THE PROBLEM:
Locate every line below that contains the word "both" and copy it.

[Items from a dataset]
════════════════════

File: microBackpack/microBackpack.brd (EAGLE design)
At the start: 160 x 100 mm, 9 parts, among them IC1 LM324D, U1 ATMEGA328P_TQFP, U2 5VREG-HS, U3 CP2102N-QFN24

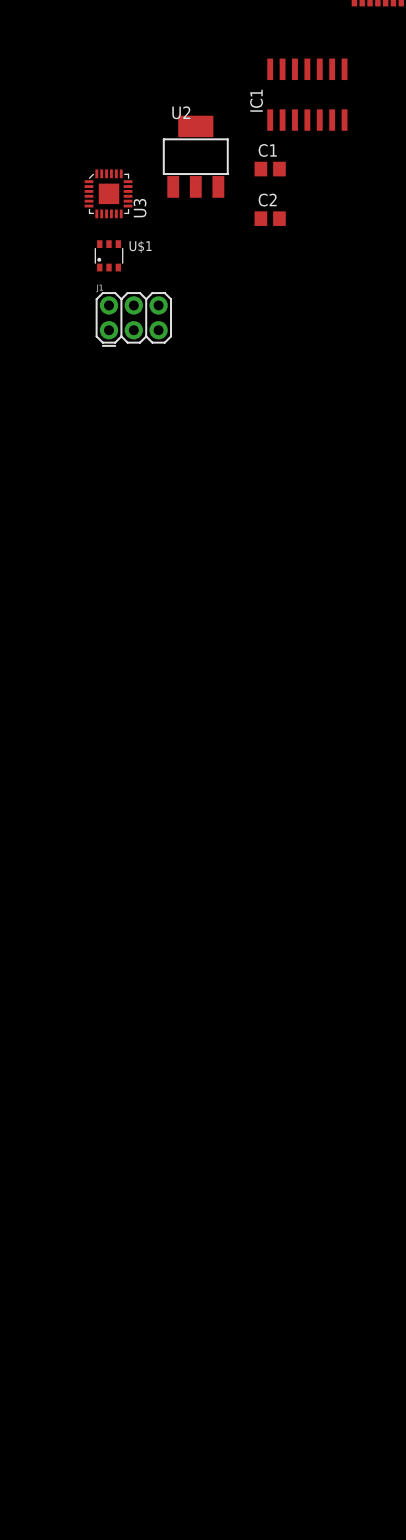
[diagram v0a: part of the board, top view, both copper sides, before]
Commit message: Added more components
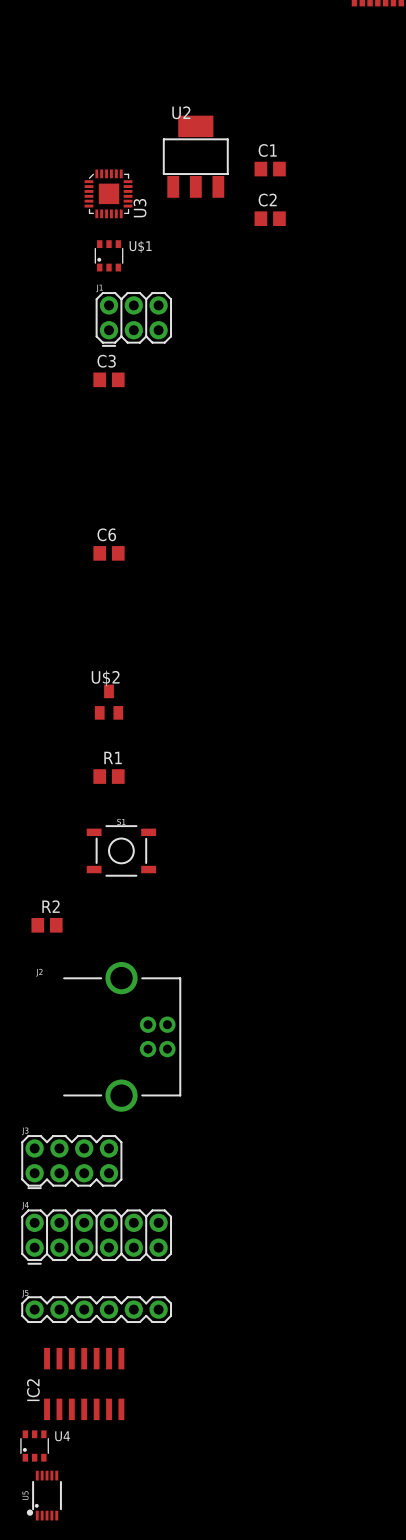
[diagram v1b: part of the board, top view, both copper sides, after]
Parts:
- removed IC1: LM324D, linear:SO14
- added C3: 1uF, rcl:C0805
- added C6: 10nF, rcl:C0805
- added IC2: LM324D, linear:SO14
- added J2: USB_B_PTH, SparkFun-Connectors:USB-B-PTH
- added J3: (no value), SparkFun-Connectors:2X4
- added J4: 2X6 FEMALE, SparkFun-Connectors:2X6
- added J5: (no value), SparkFun-Connectors:1X06
- added R1, R2: 1k, rcl:R0805
- added S1: MOMENTARY-SWITCH-SPST-SMD-5.2-REDUNDANT, SparkFun-Switches:TACTILE_SWITCH_SMD_5.2MM
- added U$2: LM4040-V-REF, microBackpackLib:SOT23
- added U4: TVS_DIODE_4PK, microBackpackLib:SOT457
- added U5: MCP4728, microBackpackLib:MSOP10
- C1, C2: value (none) -> 22pF
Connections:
- new net A2: J3.5
- new net A3: J3.7
- new net AD0+: J3.1
- new net AD0-: J3.2
- new net AD1+: J3.3
- new net AD1-: J3.4
- new net ADC0: U1.23
- new net ADC1: U1.24
- new net ADC2: U1.25
- new net ADC3: U1.26
- new net ADC6: U1.19
- new net ADC7: U1.22
- new net DIO0: J4.1, U1.32
- new net DIO1: J4.2, U1.1
- new net DIO2: J4.3, U1.2
- new net DIO3: J4.4, U1.9
- new net DIO4: J4.5, U1.10
- new net DIO5: J4.6, U1.11
- new net DIO6: J4.7, U1.12
- new net DIO7: J4.8, U1.13
- new net I_OUT: J5.5
- new net I_SET: J5.3
- new net LDAC: U1.14, U5.4
- new net MCU2USB: U1.31
- new net N$3: R1.1, U$2.1, U1.20
- new net N$4: J2.GND, J2.SHLD1, J2.SHLD2, U$1.2, U$1.5, U3.2
- new net N$5: J2.VBUS, U3.8
- new net N$7: J2.D-, U3.4
- new net N$8: J2.D+, U3.3
- new net SCL: U1.28, U5.2
- new net SDA: U1.27, U5.3
- new net USB2MCU: U1.30
- new net V_OUT: J5.4
- new net V_SET: J5.2
- net 12V: now also J5.1
- net GND: now also C3.2, C6.2, J3.6, J3.8, J4.12, J5.6, S1.1, S1.2, U$2.2, U1.21, U5.10
- net MISO: now also U1.16
- net MOSI: now also U1.15
- net RESET: now also R2.1, S1.3, S1.4, U1.29
- net SCK: now also U1.17
- net V+: now also IC2.4; no longer IC1.4
- net V-: now also IC2.11; no longer IC1.11
- net VCC: now also C3.1, C6.1, R1.2, R2.2, U1.18, U1.4, U1.6, U5.1

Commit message: Added analog circuitry. Most of schem is done. Still must do optoisolation and DIO protection
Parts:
- added C4, C8: 10nF, rcl:C0805
- added C5, C7, C9: 1uF, rcl:C0805
- added IC1: LM324D, linear:SO14
- added R10, R12, R13, R16, R17, R20, R24, R25, R27, R28, R6, R8: 10k, rcl:R0805
- added R11, R14, R15, R18, R19, R26, R5, R7: 30.1k, rcl:R0805
- added R21, R22: 1k, rcl:R0805
- added R23, R9: 15k, rcl:R0805
- added R3, R4: 4.7k, rcl:R0805
- added U6: 78L09F, linear:SOT89
- moved IC2 181.6 mm to (-48.3, -320.0)
- renumbered U$2 to D1
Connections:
- removed net V+: IC2.4
- removed net V-: IC2.11
- new net 2V_REF: R16.1, R20.1, R21.1, R22.2
- new net 4V_REF: C8.1, D1.1, R1.1, R21.2, U1.20
- new net 9V: C4.1, C5.1, IC1.4, U6.1
- new net DAC_A: IC2.3, U5.6
- new net DAC_B: R26.2, U5.7
- new net DAC_C: IC1.12, U5.8
- new net DAC_D: U5.9
- new net FGEN: IC1.14, R24.1
- new net N$10: IC1.5, R14.2, R16.2
- new net N$11: IC2.2, R27.2, R28.1
- new net N$14: IC1.9, R17.1, R19.2
- new net N$15: IC1.10, R18.2, R20.2
- new net N$6: IC1.2, R11.2, R12.1
- new net N$9: IC1.6, R13.1, R15.2
- net 12V: now also C7.1, C9.1, IC2.4, U6.3
- net A2: now also R5.2
- net A3: now also R7.2
- net AD0+: now also R14.1
- net AD0-: now also R15.1
- net AD1+: now also R18.1
- net AD1-: now also R19.1
- net ADC0: now also IC1.7, R13.2
- net ADC1: now also IC1.8, R17.2
- net ADC2: now also R10.2, R9.1
- net ADC3: now also IC1.1, R11.1
- net ADC6: now also R5.1, R6.2
- net ADC7: now also R7.1, R8.2
- net GND: now also C4.2, C5.2, C7.2, C8.2, C9.2, IC1.11, IC2.11, R10.1, R12.2, R22.1, R23.2, R25.1, R28.2, R6.1, R8.1, U6.2, U6.2@1
- net I_OUT: now also IC1.3
- net I_SET: now also R25.2, R26.1
- net N$3: now also IC1.13, R23.1, R24.2; no longer D1.1, R1.1, U1.20
- net SCL: now also R4.1
- net SDA: now also R3.1
- net VCC: now also R3.2, R4.2
- net V_OUT: now also R9.2
- net V_SET: now also IC2.1, R27.1

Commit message: Began board layout. Defined dimensions.
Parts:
- removed U$1: TVS_DIODE_4PK, microBackpackLib:SOT457
- added FGEN, FGEN_GND: TPPAD1-20Y, testpad:P1-20Y
- added H1, H2, H3, H4, H5: MOUNT-HOLE2.8, holes:2,8
- added U7: TVS_DIODE_4PK, microBackpackLib:SOT457
- moved U6 366.4 mm to (53.1, 67.8)
- moved R23 317.8 mm to (100.3, -48.8)
- moved C9 317.8 mm to (100.3, -61.5)
- moved R24 317.8 mm to (100.3, -55.1)
- moved R25 317.8 mm to (100.3, -67.8)
- moved IC2 312.0 mm to (29.2, -17.8)
- moved R26 296.1 mm to (60.7, -79.2)
- moved R27 296.1 mm to (60.7, -85.6)
- moved R28 296.1 mm to (60.7, -91.9)
- moved C4 240.2 mm to (49.0, -74.2)
- moved C5 240.2 mm to (49.0, -80.5)
- moved C7 240.2 mm to (49.0, -86.9)
- moved R22 240.2 mm to (49.0, -56.4)
- moved C8 240.2 mm to (49.0, -93.2)
- moved J4 236.2 mm to (115.6, 40.6), turned to 270 degrees
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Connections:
- net FGEN: now also FGEN.TP
- net GND: now also FGEN_GND.TP
- net N$4: now also U7.2, U7.5; no longer U$1.2, U$1.5
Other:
- board size 160 x 100 mm -> 121.9 x 76.2 mm

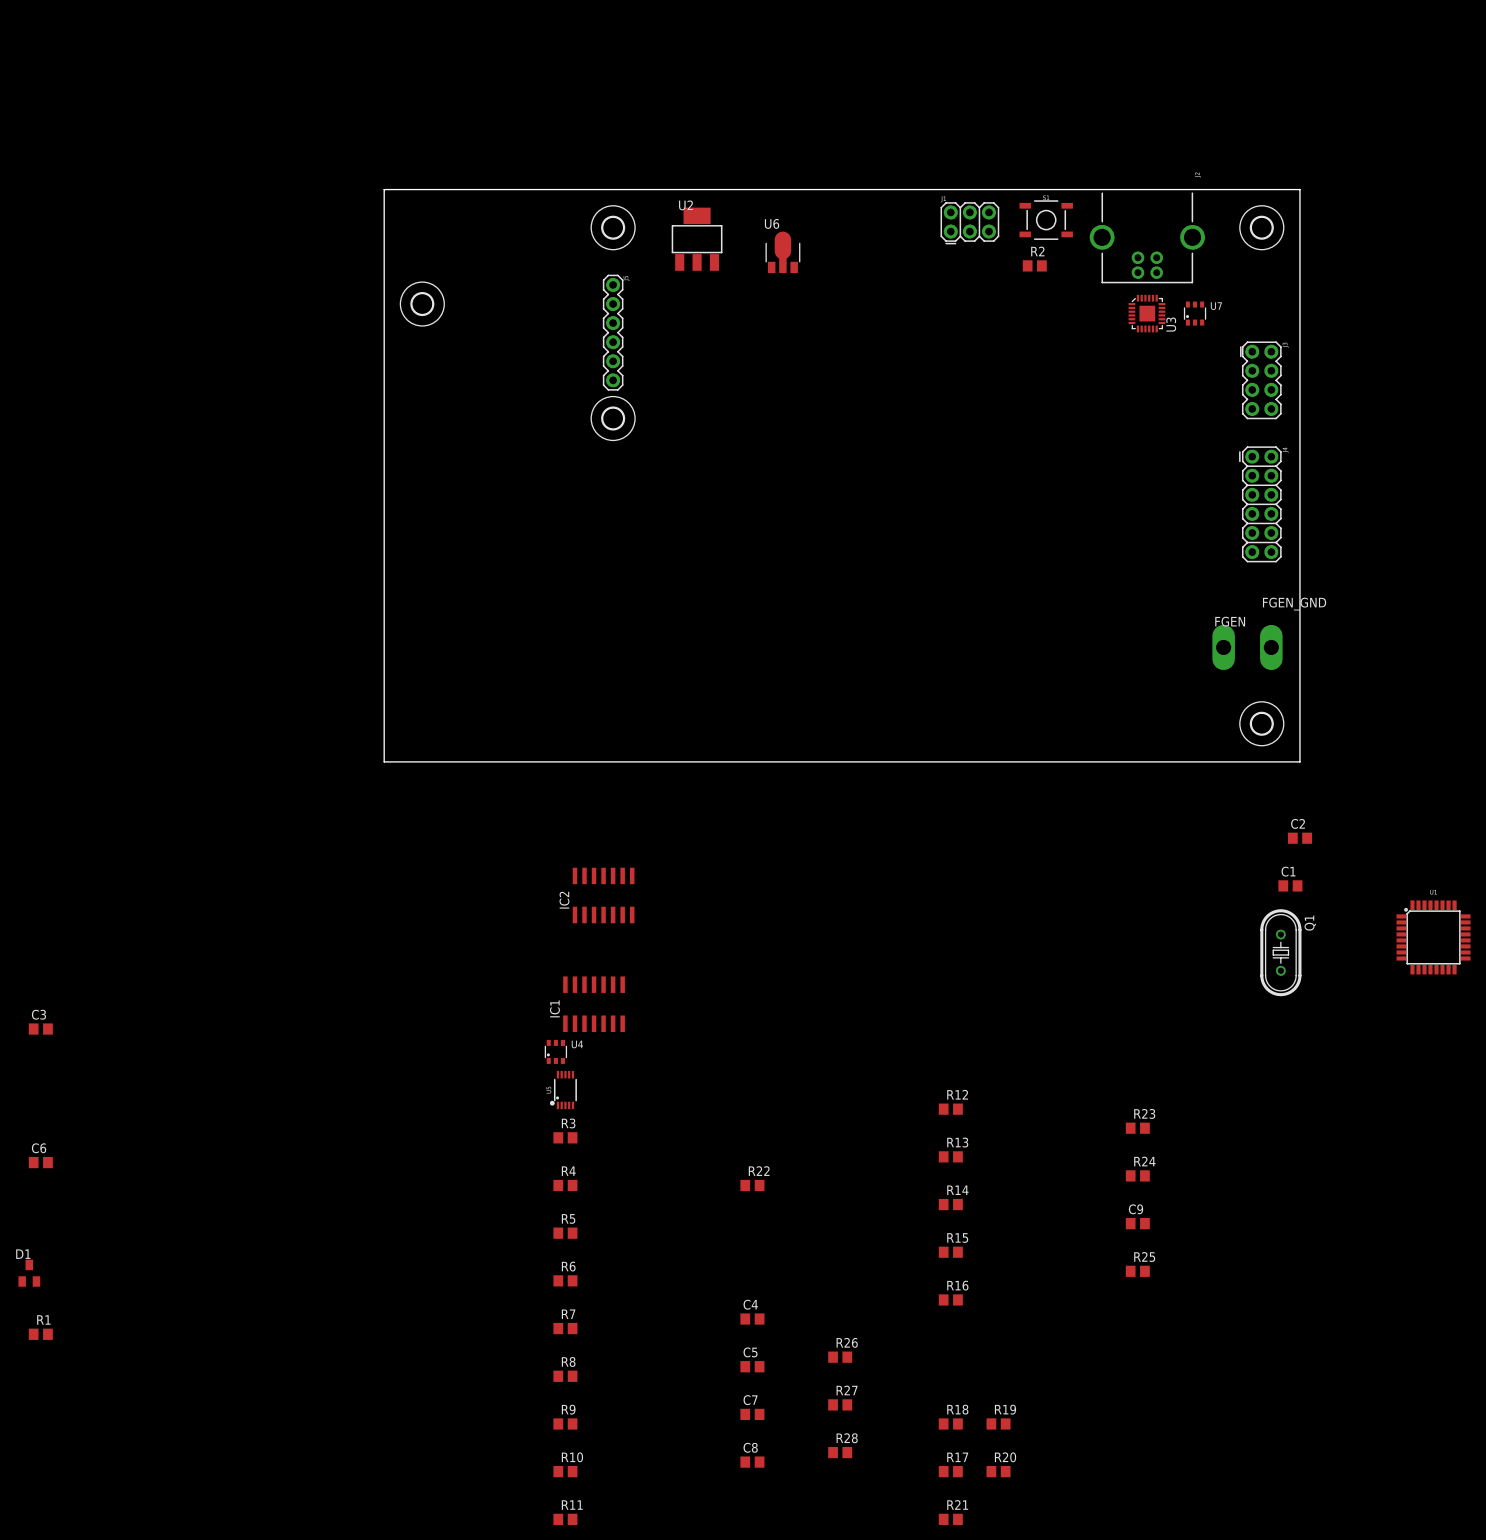
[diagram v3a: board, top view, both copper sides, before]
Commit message: Began op amp placement. Very rough
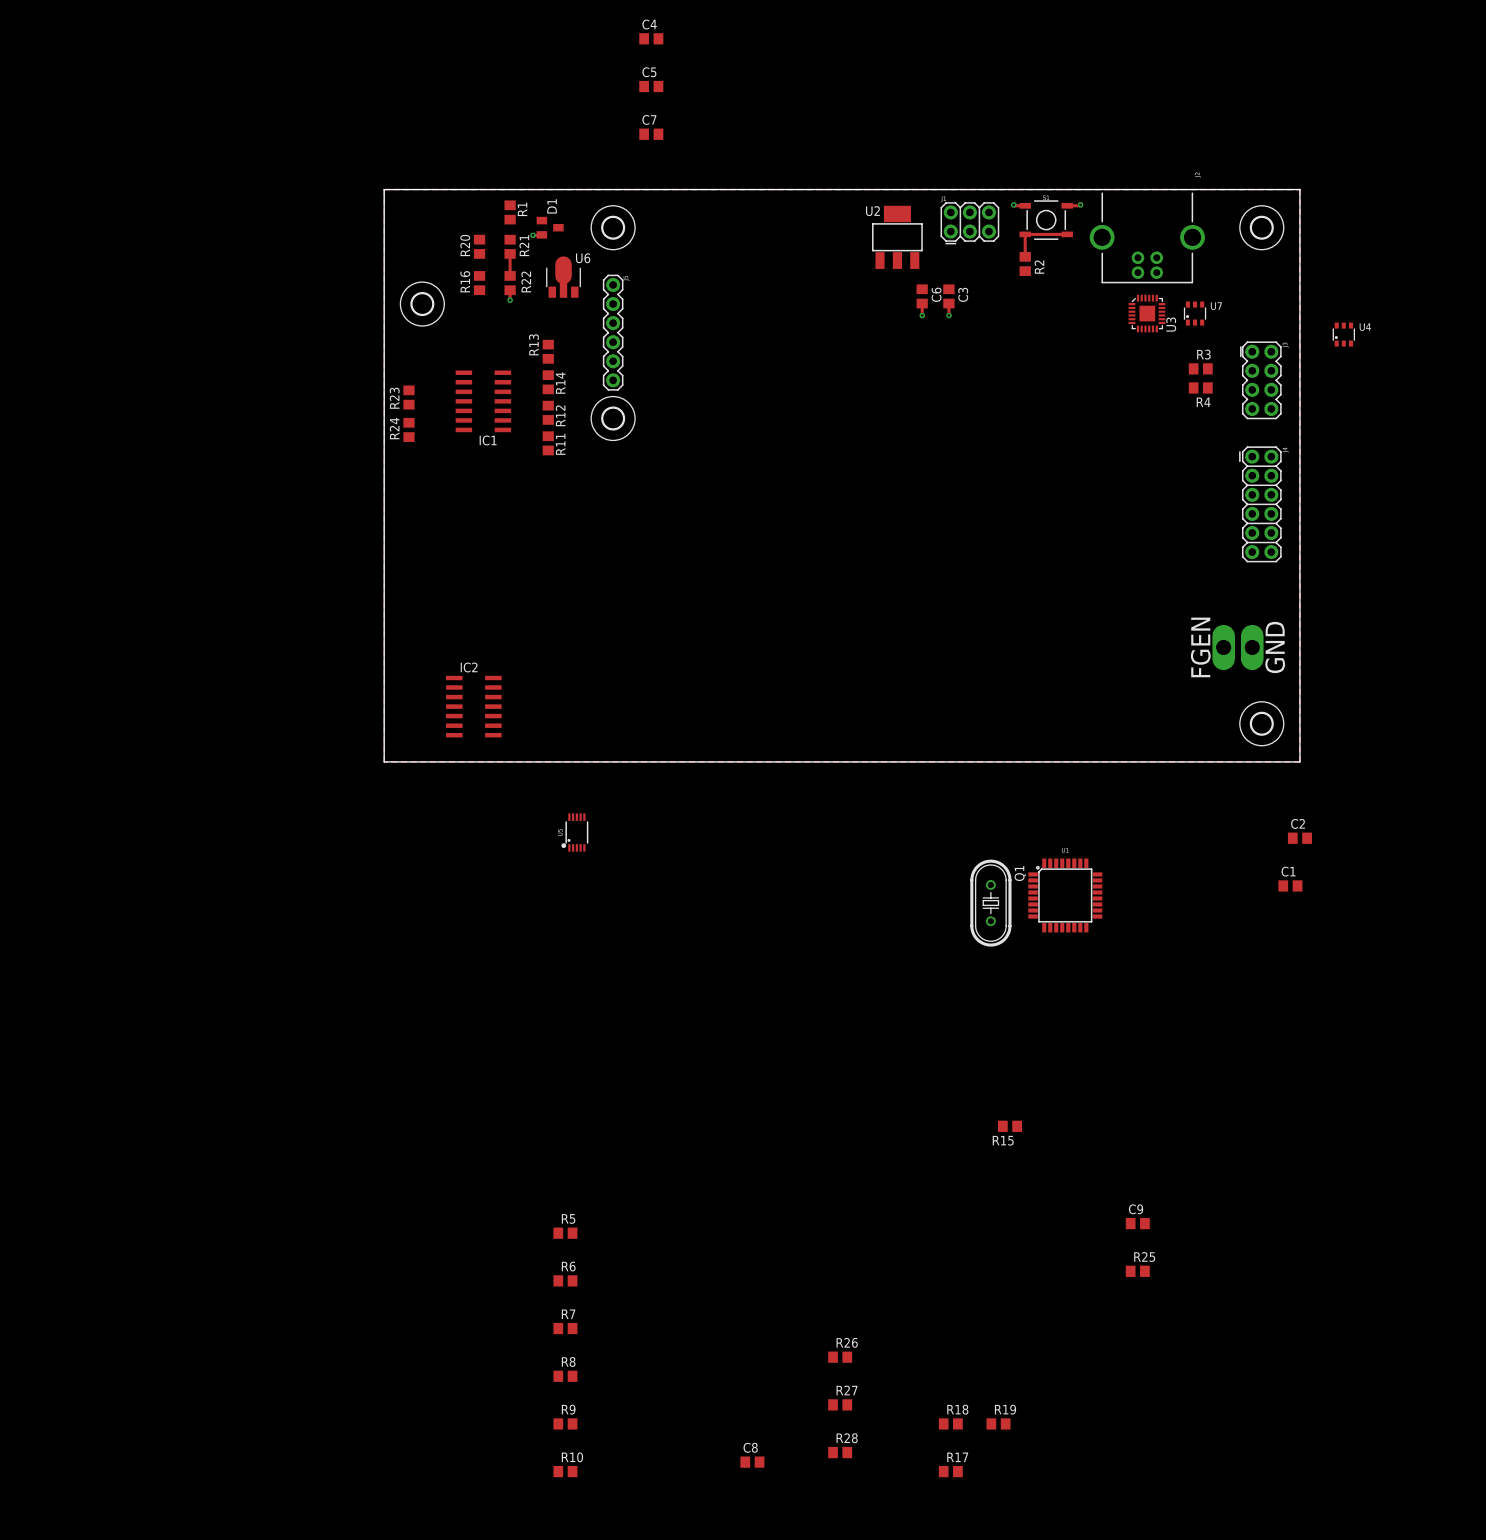
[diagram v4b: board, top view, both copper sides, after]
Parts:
- moved R21 179.3 mm to (16.8, 68.6), turned to 90 degrees
- moved R20 177.1 mm to (12.7, 68.6), turned to 90 degrees
- moved C4 171.0 mm to (35.6, 96.3)
- moved C5 171.0 mm to (35.6, 89.9)
- moved C7 171.0 mm to (35.6, 83.6)
- moved C6 164.5 mm to (71.6, 62.0), turned to 270 degrees
- moved R1 161.9 mm to (16.8, 73.2), turned to 90 degrees
- moved D1 155.5 mm to (22.1, 71.1), turned to 270 degrees
- moved C3 155.3 mm to (75.2, 62.0), turned to 270 degrees
- moved R16 149.2 mm to (12.7, 63.8), turned to 270 degrees
- moved R11 143.3 mm to (21.8, 42.4), turned to 90 degrees
- moved U4 141.9 mm to (127.8, 56.9)
- moved R24 138.8 mm to (3.30, 44.2), turned to 90 degrees
- moved R23 137.4 mm to (3.30, 48.5), turned to 90 degrees
- moved R4 135.7 mm to (108.7, 49.8)
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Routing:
- net GND: track 0.00 -> 9.14 mm, vias 0 -> 6
- net RESET: track 0.00 -> 8.58 mm
- net 2V_REF: track 0.00 -> 2.93 mm
- added copper zone on layer 16, net GND
- added copper zone on layer 1, net VCC
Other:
- board text added: "GND"

════════════════════

WRITTEN RESPONSE:
[diagram v0a: part of the board, top view, both copper sides, before]
[diagram v1b: part of the board, top view, both copper sides, after]
[diagram v3a: board, top view, both copper sides, before]
[diagram v4b: board, top view, both copper sides, after]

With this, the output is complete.